_Prompt_. Using the records below, find how many lines hold the word "mxGraphModel" and reply with only that number.
—————
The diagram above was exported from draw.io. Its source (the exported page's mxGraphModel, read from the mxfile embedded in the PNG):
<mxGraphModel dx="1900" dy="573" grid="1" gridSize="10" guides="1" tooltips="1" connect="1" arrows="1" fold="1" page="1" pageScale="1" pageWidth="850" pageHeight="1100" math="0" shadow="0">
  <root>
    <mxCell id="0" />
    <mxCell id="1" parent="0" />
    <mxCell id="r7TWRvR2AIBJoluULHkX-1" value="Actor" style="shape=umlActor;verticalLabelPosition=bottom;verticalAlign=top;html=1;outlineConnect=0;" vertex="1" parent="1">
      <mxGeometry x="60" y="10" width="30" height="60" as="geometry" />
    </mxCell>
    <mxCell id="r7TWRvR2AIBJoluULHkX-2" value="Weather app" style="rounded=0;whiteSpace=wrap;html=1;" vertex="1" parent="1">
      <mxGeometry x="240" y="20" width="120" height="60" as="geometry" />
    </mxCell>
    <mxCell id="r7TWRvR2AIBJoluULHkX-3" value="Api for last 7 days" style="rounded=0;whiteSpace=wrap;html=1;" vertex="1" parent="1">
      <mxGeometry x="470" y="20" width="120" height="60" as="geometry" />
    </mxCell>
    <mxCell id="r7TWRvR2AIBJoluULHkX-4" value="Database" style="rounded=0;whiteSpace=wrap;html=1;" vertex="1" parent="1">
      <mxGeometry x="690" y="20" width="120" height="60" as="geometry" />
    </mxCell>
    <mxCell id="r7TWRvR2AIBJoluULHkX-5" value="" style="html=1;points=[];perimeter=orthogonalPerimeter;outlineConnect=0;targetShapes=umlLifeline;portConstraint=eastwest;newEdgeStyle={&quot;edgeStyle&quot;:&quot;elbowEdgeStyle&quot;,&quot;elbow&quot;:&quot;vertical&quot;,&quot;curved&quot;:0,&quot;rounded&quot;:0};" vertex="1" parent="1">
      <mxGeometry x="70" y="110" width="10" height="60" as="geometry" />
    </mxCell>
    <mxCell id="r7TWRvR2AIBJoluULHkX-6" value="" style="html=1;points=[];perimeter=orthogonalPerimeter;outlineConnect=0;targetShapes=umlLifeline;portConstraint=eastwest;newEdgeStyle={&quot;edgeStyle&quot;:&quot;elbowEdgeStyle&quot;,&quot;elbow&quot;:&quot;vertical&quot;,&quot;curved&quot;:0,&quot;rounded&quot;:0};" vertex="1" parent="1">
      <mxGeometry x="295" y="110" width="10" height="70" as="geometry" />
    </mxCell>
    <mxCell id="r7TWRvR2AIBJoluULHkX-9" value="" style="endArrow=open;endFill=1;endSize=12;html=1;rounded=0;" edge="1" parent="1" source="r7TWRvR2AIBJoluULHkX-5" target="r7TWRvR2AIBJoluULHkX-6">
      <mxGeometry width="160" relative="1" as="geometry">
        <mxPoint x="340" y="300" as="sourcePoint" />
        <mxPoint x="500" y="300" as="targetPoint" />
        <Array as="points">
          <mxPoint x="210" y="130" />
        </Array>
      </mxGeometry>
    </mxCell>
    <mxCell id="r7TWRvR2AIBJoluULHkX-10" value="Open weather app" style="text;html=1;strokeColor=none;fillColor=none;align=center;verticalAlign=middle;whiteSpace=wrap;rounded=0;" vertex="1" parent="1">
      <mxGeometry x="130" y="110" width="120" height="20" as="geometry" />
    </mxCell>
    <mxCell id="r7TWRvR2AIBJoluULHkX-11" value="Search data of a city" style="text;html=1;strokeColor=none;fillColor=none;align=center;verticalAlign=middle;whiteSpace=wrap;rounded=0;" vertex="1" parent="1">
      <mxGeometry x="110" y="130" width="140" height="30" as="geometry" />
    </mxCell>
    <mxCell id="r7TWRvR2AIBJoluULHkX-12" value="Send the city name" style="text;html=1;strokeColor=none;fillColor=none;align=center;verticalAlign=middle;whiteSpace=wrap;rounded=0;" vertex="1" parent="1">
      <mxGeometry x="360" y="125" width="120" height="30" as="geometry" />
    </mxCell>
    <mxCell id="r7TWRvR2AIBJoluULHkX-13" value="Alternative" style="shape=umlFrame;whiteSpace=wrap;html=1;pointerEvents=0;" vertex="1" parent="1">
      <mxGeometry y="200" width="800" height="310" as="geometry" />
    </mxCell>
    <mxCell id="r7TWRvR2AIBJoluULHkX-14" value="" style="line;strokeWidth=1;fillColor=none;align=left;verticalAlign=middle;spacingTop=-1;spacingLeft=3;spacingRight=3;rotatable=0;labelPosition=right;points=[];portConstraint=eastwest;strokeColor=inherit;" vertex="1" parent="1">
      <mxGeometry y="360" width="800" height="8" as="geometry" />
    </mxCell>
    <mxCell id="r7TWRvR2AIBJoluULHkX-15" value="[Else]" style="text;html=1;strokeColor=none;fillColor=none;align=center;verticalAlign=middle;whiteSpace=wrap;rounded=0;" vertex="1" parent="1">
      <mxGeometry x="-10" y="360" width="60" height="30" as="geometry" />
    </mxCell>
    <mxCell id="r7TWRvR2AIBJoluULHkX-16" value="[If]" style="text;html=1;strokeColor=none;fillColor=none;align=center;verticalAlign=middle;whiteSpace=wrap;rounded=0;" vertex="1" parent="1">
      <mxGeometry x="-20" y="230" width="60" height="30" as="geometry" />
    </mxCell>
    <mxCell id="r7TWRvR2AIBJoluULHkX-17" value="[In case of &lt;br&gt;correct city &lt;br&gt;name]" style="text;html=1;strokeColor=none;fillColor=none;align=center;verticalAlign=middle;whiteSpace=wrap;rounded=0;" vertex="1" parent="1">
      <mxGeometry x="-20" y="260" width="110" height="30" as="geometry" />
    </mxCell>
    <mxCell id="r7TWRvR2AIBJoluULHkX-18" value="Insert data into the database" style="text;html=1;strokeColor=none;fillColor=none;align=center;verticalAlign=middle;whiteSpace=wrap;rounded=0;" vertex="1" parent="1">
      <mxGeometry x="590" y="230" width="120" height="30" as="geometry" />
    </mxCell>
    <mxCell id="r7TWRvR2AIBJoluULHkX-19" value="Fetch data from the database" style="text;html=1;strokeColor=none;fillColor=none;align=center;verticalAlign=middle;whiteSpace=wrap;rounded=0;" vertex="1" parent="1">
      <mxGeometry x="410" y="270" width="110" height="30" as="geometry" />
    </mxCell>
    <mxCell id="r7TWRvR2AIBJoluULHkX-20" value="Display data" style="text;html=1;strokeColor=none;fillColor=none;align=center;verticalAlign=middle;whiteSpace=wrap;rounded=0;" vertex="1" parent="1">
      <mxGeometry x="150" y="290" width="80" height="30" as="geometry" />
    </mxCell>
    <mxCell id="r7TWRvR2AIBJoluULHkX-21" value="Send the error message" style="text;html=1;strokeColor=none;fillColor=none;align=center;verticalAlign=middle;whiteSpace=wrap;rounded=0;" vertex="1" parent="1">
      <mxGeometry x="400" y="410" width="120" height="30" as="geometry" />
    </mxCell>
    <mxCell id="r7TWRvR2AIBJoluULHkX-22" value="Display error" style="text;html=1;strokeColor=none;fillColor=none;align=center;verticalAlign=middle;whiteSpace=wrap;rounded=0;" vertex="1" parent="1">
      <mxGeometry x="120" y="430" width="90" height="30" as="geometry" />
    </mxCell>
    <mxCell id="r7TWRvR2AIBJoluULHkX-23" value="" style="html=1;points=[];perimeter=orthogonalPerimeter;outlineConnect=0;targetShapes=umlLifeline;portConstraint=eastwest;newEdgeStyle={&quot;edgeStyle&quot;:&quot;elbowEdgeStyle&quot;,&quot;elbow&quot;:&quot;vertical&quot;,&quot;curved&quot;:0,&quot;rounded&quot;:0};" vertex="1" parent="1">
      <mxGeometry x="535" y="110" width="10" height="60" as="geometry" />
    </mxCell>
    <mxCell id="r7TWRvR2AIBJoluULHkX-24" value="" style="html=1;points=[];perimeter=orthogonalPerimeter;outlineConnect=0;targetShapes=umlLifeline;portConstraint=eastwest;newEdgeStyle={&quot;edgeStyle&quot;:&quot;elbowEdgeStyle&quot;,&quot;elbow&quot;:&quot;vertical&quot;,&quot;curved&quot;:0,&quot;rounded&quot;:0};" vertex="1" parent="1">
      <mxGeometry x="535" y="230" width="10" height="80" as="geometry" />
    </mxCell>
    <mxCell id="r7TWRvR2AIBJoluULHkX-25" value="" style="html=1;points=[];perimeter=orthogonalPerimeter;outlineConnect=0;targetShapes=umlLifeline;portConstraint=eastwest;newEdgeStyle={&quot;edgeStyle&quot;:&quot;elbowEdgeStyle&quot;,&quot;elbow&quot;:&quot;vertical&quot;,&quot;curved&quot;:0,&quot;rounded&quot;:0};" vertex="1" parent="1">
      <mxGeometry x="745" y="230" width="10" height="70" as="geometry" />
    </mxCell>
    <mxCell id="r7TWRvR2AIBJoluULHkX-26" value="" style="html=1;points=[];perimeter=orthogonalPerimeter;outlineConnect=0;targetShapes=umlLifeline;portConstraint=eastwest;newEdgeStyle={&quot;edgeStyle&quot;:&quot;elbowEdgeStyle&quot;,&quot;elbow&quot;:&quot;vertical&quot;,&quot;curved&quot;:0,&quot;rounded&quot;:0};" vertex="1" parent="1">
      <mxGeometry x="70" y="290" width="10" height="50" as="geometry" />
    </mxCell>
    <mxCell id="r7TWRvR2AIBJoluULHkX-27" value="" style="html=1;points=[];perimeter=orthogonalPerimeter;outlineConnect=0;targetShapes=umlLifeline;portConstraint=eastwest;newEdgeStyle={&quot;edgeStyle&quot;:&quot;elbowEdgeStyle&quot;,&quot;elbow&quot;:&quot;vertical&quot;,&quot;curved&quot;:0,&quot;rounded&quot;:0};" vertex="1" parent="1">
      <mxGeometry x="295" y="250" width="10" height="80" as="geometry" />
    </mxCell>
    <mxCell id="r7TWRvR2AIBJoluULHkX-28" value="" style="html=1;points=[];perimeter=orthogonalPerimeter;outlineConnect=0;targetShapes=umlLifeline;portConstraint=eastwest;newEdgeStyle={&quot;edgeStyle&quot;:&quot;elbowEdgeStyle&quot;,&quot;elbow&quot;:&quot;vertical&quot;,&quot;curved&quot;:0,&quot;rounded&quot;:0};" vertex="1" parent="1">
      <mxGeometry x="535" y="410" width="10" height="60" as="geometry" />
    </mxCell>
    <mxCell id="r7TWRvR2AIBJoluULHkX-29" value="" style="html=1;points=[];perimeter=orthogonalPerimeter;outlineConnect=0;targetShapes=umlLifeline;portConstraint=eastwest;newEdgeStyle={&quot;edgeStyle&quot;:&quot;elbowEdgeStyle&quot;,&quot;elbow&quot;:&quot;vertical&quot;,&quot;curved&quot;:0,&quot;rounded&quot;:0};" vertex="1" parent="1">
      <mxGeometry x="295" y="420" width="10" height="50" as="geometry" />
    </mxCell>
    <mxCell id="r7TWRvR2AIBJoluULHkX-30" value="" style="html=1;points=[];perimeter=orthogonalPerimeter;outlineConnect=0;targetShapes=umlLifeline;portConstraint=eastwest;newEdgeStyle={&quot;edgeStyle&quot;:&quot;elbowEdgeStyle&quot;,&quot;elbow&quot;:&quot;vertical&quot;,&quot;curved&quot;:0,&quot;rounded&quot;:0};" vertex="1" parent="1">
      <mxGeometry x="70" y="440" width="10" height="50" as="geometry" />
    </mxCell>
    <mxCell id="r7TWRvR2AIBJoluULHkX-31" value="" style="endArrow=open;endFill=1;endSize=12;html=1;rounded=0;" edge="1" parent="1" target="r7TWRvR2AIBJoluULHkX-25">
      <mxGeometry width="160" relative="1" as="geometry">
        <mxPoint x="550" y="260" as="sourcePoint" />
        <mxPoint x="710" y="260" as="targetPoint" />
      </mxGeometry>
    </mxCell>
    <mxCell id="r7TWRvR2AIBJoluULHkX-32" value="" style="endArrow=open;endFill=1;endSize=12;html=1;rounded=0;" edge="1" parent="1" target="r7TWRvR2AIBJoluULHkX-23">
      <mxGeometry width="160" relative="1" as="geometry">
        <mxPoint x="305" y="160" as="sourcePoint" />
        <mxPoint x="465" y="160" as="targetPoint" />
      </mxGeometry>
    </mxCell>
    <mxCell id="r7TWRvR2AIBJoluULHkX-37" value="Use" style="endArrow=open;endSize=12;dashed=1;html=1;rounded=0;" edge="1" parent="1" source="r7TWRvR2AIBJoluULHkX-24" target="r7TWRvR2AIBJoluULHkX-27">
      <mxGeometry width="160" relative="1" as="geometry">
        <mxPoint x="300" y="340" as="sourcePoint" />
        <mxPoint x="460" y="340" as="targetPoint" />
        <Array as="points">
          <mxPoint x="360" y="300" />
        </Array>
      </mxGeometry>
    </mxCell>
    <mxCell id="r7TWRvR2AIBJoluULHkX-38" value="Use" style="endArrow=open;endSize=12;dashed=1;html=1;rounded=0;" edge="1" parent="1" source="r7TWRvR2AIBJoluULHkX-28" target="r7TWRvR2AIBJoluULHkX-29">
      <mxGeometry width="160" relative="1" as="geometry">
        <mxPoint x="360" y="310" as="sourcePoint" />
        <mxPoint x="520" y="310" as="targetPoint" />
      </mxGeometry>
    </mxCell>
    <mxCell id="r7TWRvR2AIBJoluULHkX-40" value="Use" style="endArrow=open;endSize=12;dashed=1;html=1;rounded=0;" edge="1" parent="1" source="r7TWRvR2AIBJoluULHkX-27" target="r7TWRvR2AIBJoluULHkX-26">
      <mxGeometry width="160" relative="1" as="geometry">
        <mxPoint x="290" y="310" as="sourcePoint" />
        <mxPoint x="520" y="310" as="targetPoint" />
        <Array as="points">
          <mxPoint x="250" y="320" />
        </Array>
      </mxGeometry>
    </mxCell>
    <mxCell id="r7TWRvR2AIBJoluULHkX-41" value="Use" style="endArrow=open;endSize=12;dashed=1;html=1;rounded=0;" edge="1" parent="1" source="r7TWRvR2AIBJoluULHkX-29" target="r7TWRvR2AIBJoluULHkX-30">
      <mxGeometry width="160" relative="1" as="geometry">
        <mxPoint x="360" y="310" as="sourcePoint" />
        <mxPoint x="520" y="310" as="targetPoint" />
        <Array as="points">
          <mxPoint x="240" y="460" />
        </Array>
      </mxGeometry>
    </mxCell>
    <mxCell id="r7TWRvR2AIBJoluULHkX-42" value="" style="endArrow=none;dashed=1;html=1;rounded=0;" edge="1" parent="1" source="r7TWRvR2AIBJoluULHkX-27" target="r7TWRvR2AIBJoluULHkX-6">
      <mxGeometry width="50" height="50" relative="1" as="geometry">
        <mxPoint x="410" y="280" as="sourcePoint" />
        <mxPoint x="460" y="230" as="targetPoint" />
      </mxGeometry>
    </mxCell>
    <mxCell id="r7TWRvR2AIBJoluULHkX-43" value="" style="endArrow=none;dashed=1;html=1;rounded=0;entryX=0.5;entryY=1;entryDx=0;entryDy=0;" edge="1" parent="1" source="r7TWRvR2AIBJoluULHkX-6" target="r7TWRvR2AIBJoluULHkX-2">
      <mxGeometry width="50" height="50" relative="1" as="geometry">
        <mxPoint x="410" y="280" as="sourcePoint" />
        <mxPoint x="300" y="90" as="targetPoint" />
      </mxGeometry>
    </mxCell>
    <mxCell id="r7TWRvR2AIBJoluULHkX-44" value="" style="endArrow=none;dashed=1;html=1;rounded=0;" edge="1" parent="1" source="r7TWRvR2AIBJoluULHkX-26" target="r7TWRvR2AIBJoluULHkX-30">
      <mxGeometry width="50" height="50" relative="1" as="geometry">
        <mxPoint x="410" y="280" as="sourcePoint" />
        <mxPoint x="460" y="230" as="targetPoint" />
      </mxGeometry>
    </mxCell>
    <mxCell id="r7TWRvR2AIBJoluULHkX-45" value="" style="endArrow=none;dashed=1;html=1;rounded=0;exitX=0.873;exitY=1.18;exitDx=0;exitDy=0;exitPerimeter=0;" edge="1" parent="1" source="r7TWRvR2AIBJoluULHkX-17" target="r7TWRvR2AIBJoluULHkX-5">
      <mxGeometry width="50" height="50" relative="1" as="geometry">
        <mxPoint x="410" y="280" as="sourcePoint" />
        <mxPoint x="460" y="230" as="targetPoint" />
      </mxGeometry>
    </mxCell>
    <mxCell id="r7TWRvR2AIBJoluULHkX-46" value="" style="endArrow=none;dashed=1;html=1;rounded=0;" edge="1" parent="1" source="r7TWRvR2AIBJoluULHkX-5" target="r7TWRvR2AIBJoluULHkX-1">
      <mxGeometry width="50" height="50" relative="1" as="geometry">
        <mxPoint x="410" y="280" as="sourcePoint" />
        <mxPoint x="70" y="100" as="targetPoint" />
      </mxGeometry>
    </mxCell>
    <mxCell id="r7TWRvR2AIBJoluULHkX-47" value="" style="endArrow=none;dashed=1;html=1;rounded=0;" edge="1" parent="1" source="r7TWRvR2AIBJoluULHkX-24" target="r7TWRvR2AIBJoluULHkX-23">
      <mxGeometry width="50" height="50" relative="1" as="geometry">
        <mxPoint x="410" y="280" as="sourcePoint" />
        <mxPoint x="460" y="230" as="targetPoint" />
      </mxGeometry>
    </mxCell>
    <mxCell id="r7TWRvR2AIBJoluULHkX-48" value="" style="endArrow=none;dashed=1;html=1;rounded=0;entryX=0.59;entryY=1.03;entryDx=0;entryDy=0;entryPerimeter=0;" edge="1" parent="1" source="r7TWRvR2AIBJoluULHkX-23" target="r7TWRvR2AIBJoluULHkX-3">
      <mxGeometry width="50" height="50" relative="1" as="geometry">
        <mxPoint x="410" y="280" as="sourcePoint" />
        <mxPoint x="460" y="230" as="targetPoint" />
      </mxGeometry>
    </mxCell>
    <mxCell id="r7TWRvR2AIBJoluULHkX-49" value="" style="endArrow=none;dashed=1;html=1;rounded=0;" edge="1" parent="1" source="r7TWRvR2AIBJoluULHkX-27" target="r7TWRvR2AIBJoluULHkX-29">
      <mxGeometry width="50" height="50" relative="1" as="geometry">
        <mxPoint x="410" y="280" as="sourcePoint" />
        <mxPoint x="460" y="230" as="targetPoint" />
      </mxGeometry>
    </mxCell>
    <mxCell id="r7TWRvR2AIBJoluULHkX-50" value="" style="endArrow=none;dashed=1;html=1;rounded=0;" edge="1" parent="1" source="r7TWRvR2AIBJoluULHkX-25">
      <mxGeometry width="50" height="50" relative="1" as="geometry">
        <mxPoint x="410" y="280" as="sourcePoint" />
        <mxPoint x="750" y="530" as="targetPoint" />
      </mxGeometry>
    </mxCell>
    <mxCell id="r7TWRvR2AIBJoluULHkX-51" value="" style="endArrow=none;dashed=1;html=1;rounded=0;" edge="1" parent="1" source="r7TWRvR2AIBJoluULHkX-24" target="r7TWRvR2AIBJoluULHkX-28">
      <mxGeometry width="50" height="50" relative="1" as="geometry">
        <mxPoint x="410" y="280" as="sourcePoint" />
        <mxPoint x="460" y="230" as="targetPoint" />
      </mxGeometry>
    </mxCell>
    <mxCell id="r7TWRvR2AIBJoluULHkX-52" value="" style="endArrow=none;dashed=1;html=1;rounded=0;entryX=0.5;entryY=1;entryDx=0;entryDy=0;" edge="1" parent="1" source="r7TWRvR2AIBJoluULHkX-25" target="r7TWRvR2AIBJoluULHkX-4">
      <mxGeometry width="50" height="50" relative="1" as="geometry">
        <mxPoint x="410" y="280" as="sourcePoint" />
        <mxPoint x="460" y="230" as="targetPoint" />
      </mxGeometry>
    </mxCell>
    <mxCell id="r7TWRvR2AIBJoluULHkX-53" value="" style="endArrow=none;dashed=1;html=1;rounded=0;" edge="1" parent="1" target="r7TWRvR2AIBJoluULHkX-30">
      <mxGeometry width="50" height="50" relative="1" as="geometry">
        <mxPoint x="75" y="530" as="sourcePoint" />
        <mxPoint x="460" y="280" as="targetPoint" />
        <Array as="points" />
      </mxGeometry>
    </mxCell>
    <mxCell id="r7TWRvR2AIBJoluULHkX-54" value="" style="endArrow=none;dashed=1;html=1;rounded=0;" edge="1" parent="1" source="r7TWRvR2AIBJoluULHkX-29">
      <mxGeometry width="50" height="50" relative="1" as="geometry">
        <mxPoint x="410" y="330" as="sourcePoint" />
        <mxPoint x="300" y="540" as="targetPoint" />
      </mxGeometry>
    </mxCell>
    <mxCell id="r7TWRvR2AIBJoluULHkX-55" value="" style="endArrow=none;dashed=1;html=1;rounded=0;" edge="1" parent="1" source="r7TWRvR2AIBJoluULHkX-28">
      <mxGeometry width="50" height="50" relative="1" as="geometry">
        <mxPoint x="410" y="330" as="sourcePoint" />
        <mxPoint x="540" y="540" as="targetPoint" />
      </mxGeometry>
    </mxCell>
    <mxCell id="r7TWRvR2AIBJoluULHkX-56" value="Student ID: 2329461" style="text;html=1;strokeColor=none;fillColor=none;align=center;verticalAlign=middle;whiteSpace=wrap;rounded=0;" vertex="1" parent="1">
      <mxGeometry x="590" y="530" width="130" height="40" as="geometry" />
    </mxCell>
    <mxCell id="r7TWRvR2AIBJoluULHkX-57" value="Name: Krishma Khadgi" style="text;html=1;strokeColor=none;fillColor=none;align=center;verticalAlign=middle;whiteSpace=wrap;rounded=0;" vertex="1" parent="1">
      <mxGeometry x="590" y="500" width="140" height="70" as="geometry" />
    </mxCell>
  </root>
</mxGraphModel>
—————
_Answer for the task_. 3